Hook Execution Points

graph TD
    subgraph "Per-node execution"
        H1["pre_node hooks (state modifiable)"] --> FLAGS_PRE["Pre-execute flags"]
        FLAGS_PRE --> EXEC["node.execute()"]
        EXEC --> FLAGS_POST["Post-execute flags"]
        FLAGS_POST --> H2["post_node hooks (result modifiable)"]
    end

    subgraph "Per-tool execution (inside PromptNode)"
        H3["pre_tool hooks (args modifiable)"] --> TOOL["tool.ainvoke()"]
        TOOL --> H4["post_tool hooks (result modifiable)"]
    end

    subgraph "Special hooks"
        H5["on_observable_event (OBSERVABLE nodes)"]
        H6["on_human_required (REQUIRES_HUMAN nodes)"]
        H7["on_graph_mutation (runtime mutations)"]
    end

    style H1 fill:#1e3a5f,stroke:#60a5fa,color:#fff
    style H2 fill:#1e3a5f,stroke:#60a5fa,color:#fff
    style EXEC fill:#0e4429,stroke:#4ade80,color:#fff
    style TOOL fill:#2d1b4e,stroke:#c084fc,color:#fff

All hooks are wrapped in try/except — a failing hook never crashes the graph.
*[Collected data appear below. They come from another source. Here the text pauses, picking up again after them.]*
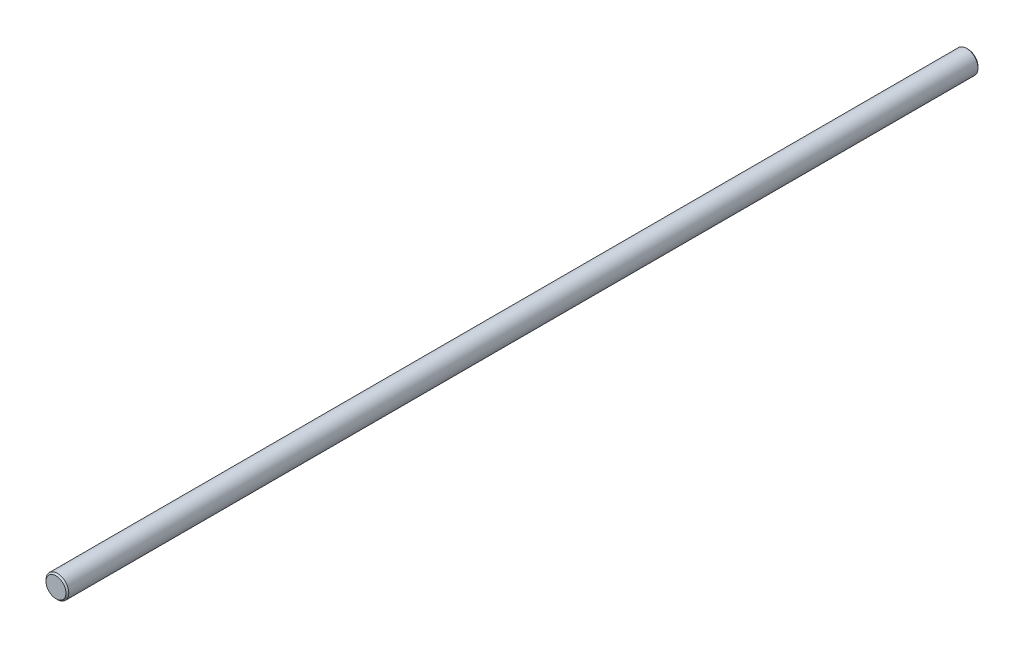
SolidWorks part; units mm, degrees
material "1023 Arkusz stali węglowej (SS)"
ref_plane "Płaszczyzna przednia" through (0, 0, 0) normal (0, 0, 1) x (1, 0, 0)
ref_plane "Płaszczyzna górna" through (0, 0, 0) normal (0, 1, 0) x (1, 0, 0)
ref_plane "Płaszczyzna prawa" through (0, 0, 0) normal (1, 0, 0) x (0, 0, -1)
sketch "Szkic1" plane through (0, 0, 0) normal (0, 0, 1) x (1, 0, 0)
  circle A0 centre (0, 0) radius 4
  dimension "D1" = 8
extrude "Dodanie-wyciągnięcie1" add sketch "Szkic1" along normal blind 320
chamfer "Sfazowanie1" distance 0.5 angle 45 2 edges at (4, 0, 320) (4, 0, 0)

Hooks run in registration order.

Safety Mechanisms

graph TD
    subgraph "Iteration Guards"
        S1["max_iterations (default 50)"] --> |exceeded| S1R["Force graph end"]
        S2["max_node_iterations (default 25)"] --> |exceeded| S2R["_handle_stuck_node()"]
        S2R --> |"error transition exists"| S2A["Follow error edge"]
        S2R --> |"__error__ node exists"| S2B["Go to error handler"]
        S2R --> |"nothing"| S2C["Force __end__"]
    end

    subgraph "Budget & Health"
        S3["BudgetHook.max_tokens"] --> |exceeded| S3R["Set current_node = __end__"]
        S4["CycleDetectionHook"] --> |"pattern repeats N times"| S4R["Force __end__"]
        S5["TimingHook"] --> |"node exceeds budget"| S5R["Set error on result"]
    end

    subgraph "Error Recovery"
        S6["CRITICAL flag + error"] --> S6R["Abort immediately, report.error set"]
        S7["RETRYABLE flag + error"] --> S7R["Retry up to max_iterations times"]
        S7R --> |"backoff"| S7B["0.5s, 1s, 2s, 4s, 8s (capped)"]
        S8["SKIP_ON_ERROR"] --> S8R["Skip node, continue graph"]
    end

    subgraph "Graph Isolation"
        S9["graph.copy() per invocation"] --> S9R["Mutations don't affect original"]
        S10["config = dict(config)"] --> S10R["Concurrent calls don't interfere"]
        S11["max_mutations_per_run (default 10)"] --> S11R["Cap LLM graph modifications"]
    end

    style S6R fill:#5c1a1a,stroke:#f87171,color:#fff
    style S7B fill:#3a2a0a,stroke:#fbbf24,color:#fff
    style S9R fill:#0e4429,stroke:#4ade80,color:#fff

Performance Architecture

Measurement: 5-node pipeline × 100 invocations

Per-node overhead:     0.009ms (9 microseconds)
Per-invocation:        0.04ms
PromptNode (mock LLM): 0.02ms

Where time goes:
├── Graph copy:           ~0.001ms (once per invocation)
├── Edge lookup:          ~0.0001ms (O(1) adjacency index)
├── Flag processing:      ~0.001ms (conditional checks)
├── Hook execution:       ~0.001ms (if hooks registered)
├── System prompt cache:  ~0.0001ms (dict lookup on re-entry)
├── Tool map cache:       ~0.0001ms (dict lookup)
└── LLM call:             99.99% of wall clock time

The engine is not the bottleneck. The LLM provider is.